Amalric’s mind’s-eye view


Mathieu Amalric is best known outside France for his role in Steven Spielberg’s “Munich,” but in his own country he has been one of the best-loved actors since the mid 1990s.

He was handpicked by director Julian Schnabel to play the part of Jean-Dominique Bauby, the editor of Elle France magazine who suffered a stroke at the age of 43 and wrote his autobiography using just his left eye (the only body part he could move as a sufferer of Locked-In syndrome) to blink out words.

Amalric says in many ways this was the most difficult role he’s attempted. “Because so much of the story is told through the camera lens, functioning as the left eye of Jean-Do,” explained Amalric from Paris during a phone interview. “I think many other actors would have balked at the idea. But I felt the ‘camera-as-man’ approach was best to tell the story of Jean-Do. It turned out to require a lot of restraint — and for me to curb my acting ambitions to get to a point where I really wanted to know and feel what Jean-Do had gone through.”

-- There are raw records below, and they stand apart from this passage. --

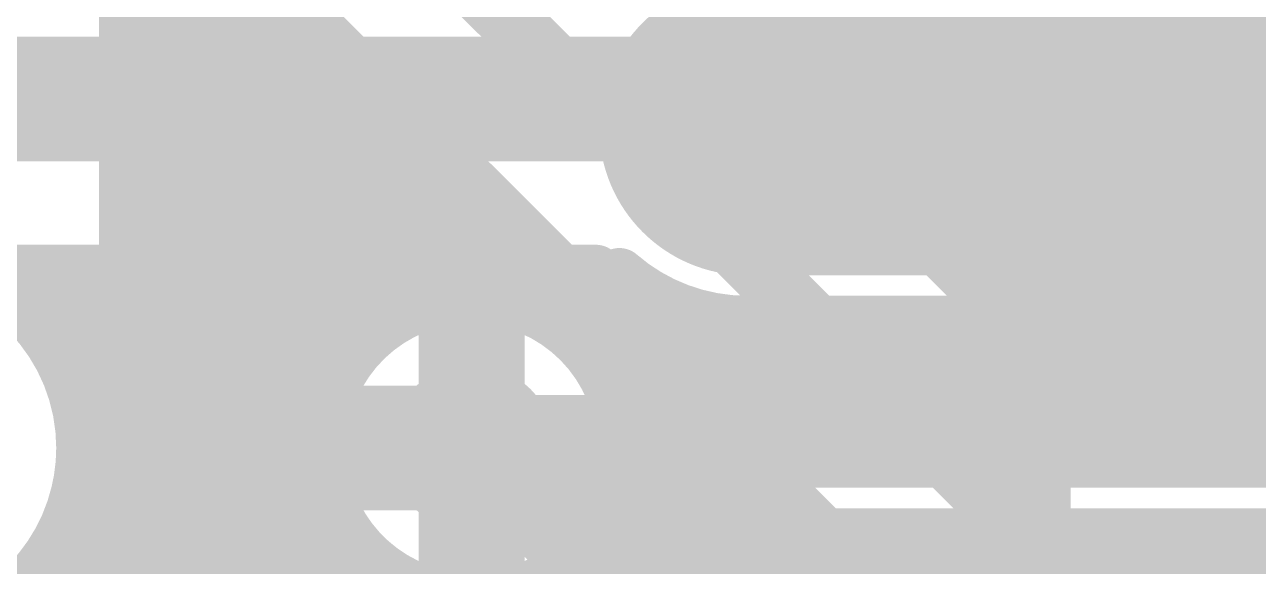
# Model space of a CAD drawing. Header units: inches. Extents: x 0 to 215, y 0 to 215.
# Drawn here: x 0.4368 to 0.5533, y 0.8848 to 0.936 of the extents above; entities that cross this region are included whole.
import ezdxf

# ---------------------------------------------------------------- set-up
doc = ezdxf.new("R2010")
doc.units = ezdxf.units.IN
doc.header["$MEASUREMENT"] = 0
for name, color, linetype in [('BottomLayer', 5, 'Continuous'), ('BottomOverlay', 54, 'Continuous'), ('TopLayer', 1, 'Continuous'), ('TopPaste', 8, 'Continuous'), ('TopSolder', 216, 'Continuous'), ('ViaHoleLayer', 16, 'Continuous')]:
    doc.layers.add(name, color=color, linetype=linetype)

# ---------------------------------------------------------------- blocks, each defined once
blk = doc.blocks.new('SOIJ_8_L5_3_W5_3_P1_27_LS7_9_BL_8')
at = {"layer": 'TopLayer'}
h = blk.add_hatch(color=1, dxfattribs=at)
edge = h.paths.add_edge_path()
edge.add_arc((0.02568, -0.16395), 0.01199, 180, 360)
edge.add_line((0.03767, -0.16395), (0.03767, -0.11282))
edge.add_arc((0.02568, -0.11282), 0.01199, 0, 180)
edge.add_line((0.0137, -0.11282), (0.0137, -0.16395))
h = blk.add_hatch(color=1, dxfattribs=at)
edge = h.paths.add_edge_path()
edge.add_arc((0.07568, -0.16395), 0.01199, 180, 360)
edge.add_line((0.08767, -0.16395), (0.08767, -0.11282))
edge.add_arc((0.07568, -0.11282), 0.01199, 0, 180)
edge.add_line((0.0637, -0.11282), (0.0637, -0.16395))
at = {"layer": 'TopPaste'}
h = blk.add_hatch(color=8, dxfattribs=at)
edge = h.paths.add_edge_path()
edge.add_arc((0.02568, -0.16395), 0.01199, 180, 360)
edge.add_line((0.03767, -0.16395), (0.03767, -0.11282))
edge.add_arc((0.02568, -0.11282), 0.01199, 0, 180)
edge.add_line((0.0137, -0.11282), (0.0137, -0.16395))
h = blk.add_hatch(color=8, dxfattribs=at)
edge = h.paths.add_edge_path()
edge.add_arc((0.07568, -0.16395), 0.01199, 180, 360)
edge.add_line((0.08767, -0.16395), (0.08767, -0.11282))
edge.add_arc((0.07568, -0.11282), 0.01199, 0, 180)
edge.add_line((0.0637, -0.11282), (0.0637, -0.16395))
at = {"layer": 'TopSolder'}
h = blk.add_hatch(color=216, dxfattribs=at)
edge = h.paths.add_edge_path()
edge.add_arc((0.02568, -0.16395), 0.01399, 180, 360)
edge.add_line((0.03967, -0.16395), (0.03967, -0.11282))
edge.add_arc((0.02568, -0.11282), 0.01399, 0, 180)
edge.add_line((0.0117, -0.11282), (0.0117, -0.16395))
h = blk.add_hatch(color=216, dxfattribs=at)
edge = h.paths.add_edge_path()
edge.add_arc((0.07568, -0.16395), 0.01399, 180, 360)
edge.add_line((0.08967, -0.16395), (0.08967, -0.11282))
edge.add_arc((0.07568, -0.11282), 0.01399, 0, 180)
edge.add_line((0.0617, -0.11282), (0.0617, -0.16395))
blk = doc.blocks.new('BF82192__10')
at = {"layer": 'BottomOverlay'}
blk.add_lwpolyline([(-0.2949, 0.07112, 0.01, 0.01, -1), (0.29565, 0.07112, 0.01, 0.01, 0)], format="xyseb", dxfattribs=at)
blk.add_lwpolyline([(-0.2949, 0.07112, 0.01, 0.01, -1), (0.29565, 0.07112, 0.01, 0.01, 0)], format="xyseb", dxfattribs=at)

msp = doc.modelspace()

# ---------------------------------------------------------------- hatches: boundary and pattern name
at = {"layer": 'BottomLayer'}
h = msp.add_hatch(color=5, dxfattribs=at)
edge = h.paths.add_edge_path()
edge.add_arc((0.479, 0.896), 0.00787, 0, 360)
at = {"layer": 'TopLayer'}
h = msp.add_hatch(color=1, dxfattribs=at)
edge = h.paths.add_edge_path()
edge.add_arc((0.479, 0.896), 0.00787, 0, 360)
at = {"layer": 'ViaHoleLayer'}
h = msp.add_hatch(color=16, dxfattribs=at)
edge = h.paths.add_edge_path()
edge.add_arc((0.479, 0.896), 0.00394, 0, 360)

# ---------------------------------------------------------------- linework, layer by layer
at = {"layer": 'BottomLayer'}
for points in [[(0.46933, 0.96852, 0.005, 0.005, 0), (0.53752, 0.90033, 0.005, 0.005, 0)], [(0.456, 0.963, 0.00591, 0.00591, 0), (0.532, 0.887, 0.00591, 0.00591, 0)], [(0.44814, 0.95201, 0.005, 0.005, 0), (0.52258, 0.87758, 0.005, 0.005, 0)], [(0.44628, 0.90307, 0.005, 0.005, 0), (0.44628, 0.94576, 0.005, 0.005, 0)], [(0.44628, 0.93566, 0.005, 0.005, 0), (0.4645, 0.93566, 0.005, 0.005, 0)], [(0.50219, 0.93566, 0.005, 0.005, 0), (0.5965, 0.93566, 0.005, 0.005, 0)], [(0.44628, 0.93164, 0.005, 0.005, 0), (0.46851, 0.93164, 0.005, 0.005, 0)], [(0.5062, 0.93164, 0.005, 0.005, 0), (0.5965, 0.93164, 0.005, 0.005, 0)], [(0.44628, 0.92763, 0.005, 0.005, 0), (0.47253, 0.92763, 0.005, 0.005, 0)], [(0.51022, 0.92763, 0.005, 0.005, 0), (0.5965, 0.92763, 0.005, 0.005, 0)], [(0.44628, 0.92361, 0.005, 0.005, 0), (0.47654, 0.92361, 0.005, 0.005, 0)], [(0.51424, 0.92361, 0.005, 0.005, 0), (0.5965, 0.92361, 0.005, 0.005, 0)], [(0.44628, 0.9196, 0.005, 0.005, 0), (0.48056, 0.9196, 0.005, 0.005, 0)], [(0.51825, 0.9196, 0.005, 0.005, 0), (0.5965, 0.9196, 0.005, 0.005, 0)], [(0.44628, 0.91558, 0.005, 0.005, 0), (0.48457, 0.91558, 0.005, 0.005, 0)], [(0.52227, 0.91558, 0.005, 0.005, 0), (0.5965, 0.91558, 0.005, 0.005, 0)], [(0.44628, 0.91156, 0.005, 0.005, 0), (0.48859, 0.91156, 0.005, 0.005, 0)], [(0.52628, 0.91156, 0.005, 0.005, 0), (0.5965, 0.91156, 0.005, 0.005, 0)], [(0.47548, 0.88213, 0.005, 0.005, -2.044433), (0.49331, 0.896, 0.005, 0.005, 0)], [(0.479, 0.896, 0.01, 0.01, 0), (0.479, 0.90781, 0.01, 0.01, 0)], [(0.44628, 0.90755, 0.005, 0.005, 0), (0.47055, 0.90755, 0.005, 0.005, 0)], [(0.48745, 0.90755, 0.005, 0.005, 0), (0.49261, 0.90755, 0.005, 0.005, 0)], [(0.5303, 0.90755, 0.005, 0.005, 0), (0.5965, 0.90755, 0.005, 0.005, 0)], [(0.44628, 0.90353, 0.005, 0.005, 0), (0.46683, 0.90353, 0.005, 0.005, 0)], [(0.49117, 0.90353, 0.005, 0.005, 0), (0.49662, 0.90353, 0.005, 0.005, 0)], [(0.53431, 0.90353, 0.005, 0.005, 0), (0.5965, 0.90353, 0.005, 0.005, 0)], [(0.44628, 0.90307, 0.005, 0.005, -0.19324), (0.44176, 0.89181, 0.005, 0.005, 0)], [(0.44628, 0.90307, 0.005, 0.005, -0.19324), (0.44176, 0.89181, 0.005, 0.005, 0)], [(0.53752, 0.90033, 0.005, 0.005, 0), (0.558, 0.90033, 0.005, 0.005, 0)], [(0.44638, 0.88638, 0.01181, 0.01181, 0), (0.456, 0.896, 0.01181, 0.01181, 0)], [(0.44589, 0.89952, 0.005, 0.005, 0), (0.46513, 0.89952, 0.005, 0.005, 0)], [(0.456, 0.896, 0.01181, 0.01181, 0), (0.479, 0.896, 0.01181, 0.01181, 0)], [(0.49287, 0.89952, 0.005, 0.005, 0), (0.50064, 0.89952, 0.005, 0.005, 0)], [(0.46719, 0.896, 0.01, 0.01, 0), (0.479, 0.896, 0.01, 0.01, 0)], [(0.479, 0.896, 0.01, 0.01, 0), (0.49081, 0.896, 0.01, 0.01, 0)], [(0.479, 0.88419, 0.01, 0.01, 0), (0.479, 0.896, 0.01, 0.01, 0)], [(0.44442, 0.8955, 0.005, 0.005, 0), (0.4647, 0.8955, 0.005, 0.005, 0)], [(0.49331, 0.896, 0.005, 0.005, -0.343063), (0.48252, 0.88213, 0.005, 0.005, 0)], [(0.4933, 0.8955, 0.005, 0.005, 0), (0.50465, 0.8955, 0.005, 0.005, 0)], [(0.44176, 0.89181, 0.005, 0.005, -0.159243), (0.43586, 0.88213, 0.005, 0.005, 0)], [(0.44168, 0.89149, 0.005, 0.005, 0), (0.46542, 0.89149, 0.005, 0.005, 0)], [(0.49258, 0.89149, 0.005, 0.005, 0), (0.50867, 0.89149, 0.005, 0.005, 0)], [(0.44638, 0.85994, 0.01181, 0.01181, 0), (0.44638, 0.88638, 0.01181, 0.01181, 0)], [(0.44013, 0.88747, 0.005, 0.005, 0), (0.46751, 0.88747, 0.005, 0.005, 0)], [(0.49049, 0.88747, 0.005, 0.005, 0), (0.51268, 0.88747, 0.005, 0.005, 0)], [(0.532, 0.887, 0.00591, 0.00591, 0), (0.558, 0.887, 0.00591, 0.00591, 0)], [(0.43725, 0.88345, 0.005, 0.005, 0), (0.47212, 0.88345, 0.005, 0.005, 0)], [(0.48589, 0.88345, 0.005, 0.005, 0), (0.5167, 0.88345, 0.005, 0.005, 0)]]:
    msp.add_lwpolyline(points, format="xyseb", dxfattribs=at)
for points in [[(0.44503, 0.93566, 0.0025, 0.0025, 1), (0.44753, 0.93566, 0.0025, 0.0025, 1)], [(0.46325, 0.93566, 0.0025, 0.0025, 1), (0.46575, 0.93566, 0.0025, 0.0025, 1)], [(0.50094, 0.93566, 0.0025, 0.0025, 1), (0.50344, 0.93566, 0.0025, 0.0025, 1)], [(0.44503, 0.93164, 0.0025, 0.0025, 1), (0.44753, 0.93164, 0.0025, 0.0025, 1)], [(0.46726, 0.93164, 0.0025, 0.0025, 1), (0.46976, 0.93164, 0.0025, 0.0025, 1)], [(0.50495, 0.93164, 0.0025, 0.0025, 1), (0.50745, 0.93164, 0.0025, 0.0025, 1)], [(0.44503, 0.92763, 0.0025, 0.0025, 1), (0.44753, 0.92763, 0.0025, 0.0025, 1)], [(0.47128, 0.92763, 0.0025, 0.0025, 1), (0.47378, 0.92763, 0.0025, 0.0025, 1)], [(0.50897, 0.92763, 0.0025, 0.0025, 1), (0.51147, 0.92763, 0.0025, 0.0025, 1)], [(0.44503, 0.92361, 0.0025, 0.0025, 1), (0.44753, 0.92361, 0.0025, 0.0025, 1)], [(0.47529, 0.92361, 0.0025, 0.0025, 1), (0.47779, 0.92361, 0.0025, 0.0025, 1)], [(0.51299, 0.92361, 0.0025, 0.0025, 1), (0.51549, 0.92361, 0.0025, 0.0025, 1)], [(0.44503, 0.9196, 0.0025, 0.0025, 1), (0.44753, 0.9196, 0.0025, 0.0025, 1)], [(0.47931, 0.9196, 0.0025, 0.0025, 1), (0.48181, 0.9196, 0.0025, 0.0025, 1)], [(0.517, 0.9196, 0.0025, 0.0025, 1), (0.5195, 0.9196, 0.0025, 0.0025, 1)], [(0.44503, 0.91558, 0.0025, 0.0025, 1), (0.44753, 0.91558, 0.0025, 0.0025, 1)], [(0.48332, 0.91558, 0.0025, 0.0025, 1), (0.48582, 0.91558, 0.0025, 0.0025, 1)], [(0.52102, 0.91558, 0.0025, 0.0025, 1), (0.52352, 0.91558, 0.0025, 0.0025, 1)], [(0.44503, 0.91156, 0.0025, 0.0025, 1), (0.44753, 0.91156, 0.0025, 0.0025, 1)], [(0.48734, 0.91156, 0.0025, 0.0025, 1), (0.48984, 0.91156, 0.0025, 0.0025, 1)], [(0.52503, 0.91156, 0.0025, 0.0025, 1), (0.52753, 0.91156, 0.0025, 0.0025, 1)], [(0.4765, 0.90781, 0.005, 0.005, 1), (0.4815, 0.90781, 0.005, 0.005, 1)], [(0.44503, 0.90755, 0.0025, 0.0025, 1), (0.44753, 0.90755, 0.0025, 0.0025, 1)], [(0.4693, 0.90755, 0.0025, 0.0025, 1), (0.4718, 0.90755, 0.0025, 0.0025, 1)], [(0.4862, 0.90755, 0.0025, 0.0025, 1), (0.4887, 0.90755, 0.0025, 0.0025, 1)], [(0.49135, 0.90755, 0.0025, 0.0025, 1), (0.49385, 0.90755, 0.0025, 0.0025, 1)], [(0.52905, 0.90755, 0.0025, 0.0025, 1), (0.53155, 0.90755, 0.0025, 0.0025, 1)], [(0.44503, 0.90353, 0.0025, 0.0025, 1), (0.44753, 0.90353, 0.0025, 0.0025, 1)], [(0.46558, 0.90353, 0.0025, 0.0025, 1), (0.46808, 0.90353, 0.0025, 0.0025, 1)], [(0.48992, 0.90353, 0.0025, 0.0025, 1), (0.49242, 0.90353, 0.0025, 0.0025, 1)], [(0.49537, 0.90353, 0.0025, 0.0025, 1), (0.49787, 0.90353, 0.0025, 0.0025, 1)], [(0.53306, 0.90353, 0.0025, 0.0025, 1), (0.53556, 0.90353, 0.0025, 0.0025, 1)], [(0.44503, 0.90307, 0.0025, 0.0025, 1), (0.44753, 0.90307, 0.0025, 0.0025, 1)], [(0.44503, 0.90307, 0.0025, 0.0025, 1), (0.44753, 0.90307, 0.0025, 0.0025, 1)], [(0.44503, 0.90307, 0.0025, 0.0025, 1), (0.44753, 0.90307, 0.0025, 0.0025, 1)], [(0.53627, 0.90033, 0.0025, 0.0025, 1), (0.53877, 0.90033, 0.0025, 0.0025, 1)], [(0.53627, 0.90033, 0.0025, 0.0025, 1), (0.53877, 0.90033, 0.0025, 0.0025, 1)], [(0.44464, 0.89952, 0.0025, 0.0025, 1), (0.44714, 0.89952, 0.0025, 0.0025, 1)], [(0.45305, 0.896, 0.00591, 0.00591, 1), (0.45895, 0.896, 0.00591, 0.00591, 1)], [(0.45305, 0.896, 0.00591, 0.00591, 1), (0.45895, 0.896, 0.00591, 0.00591, 1)], [(0.46388, 0.89952, 0.0025, 0.0025, 1), (0.46638, 0.89952, 0.0025, 0.0025, 1)], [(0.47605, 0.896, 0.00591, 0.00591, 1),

What was it like on the set? Can you describe some of the methods used?

When I did the voice-overs, I always did so to a camera lens and not face to face with anyone. This was strange, like talking to a jacket without a man in it. There were also many scenes in which I went into a little room with a trick window and I would talk into the microphone while the other cast members acted outside. I could look out the window and watch them, but they couldn’t see me. I would then get some idea of the distance that separated Jean-Do from the rest of the world.

What did you think of Bauby’s book?

In the book, and in the movie, the main pivotal theme was a deep and inherent trust in life. Jean-Do really had faith in life. In effect, this faith was our launchpad; we took that as the starting point for everything. All the ideas that we had while filming came from that.

Were you familiar with “Locked-In syndrome” before the movie?

Yes I was. In France, we call it accidente de la vie (accident of life). The only thing I can say about the syndrome is that I had the chance to study it, and act it out on-screen. I hope I was able to convey the reality of it, even to a small measure.

Did this role alter your life in any way?

I learned to be more aware of my body. I had taken my body completely for granted before. Now I think about it every day. For one or two minutes, I devote my thoughts entirely to it and remind myself what a miracle it is to be able to move my arms and legs and have everything function.

How do you view the life of Jean-Dominique Bauby?

I don’t think his life stopped when he had the stroke, I think he became more of what he was. He had always wanted to write a book and his illness gave him the opportunity to do that. If he had gone on being editor for Elle, who knows if he would ever have had the time? Also, Jean-Do was extremely attractive to women and a born playboy. You can see from the movie how good he was at convincing every woman he knew that she was the most-loved. All the nurses and therapists fell in love with him. Even in that state, he was able to affect people, to move them and leave something of himself behind.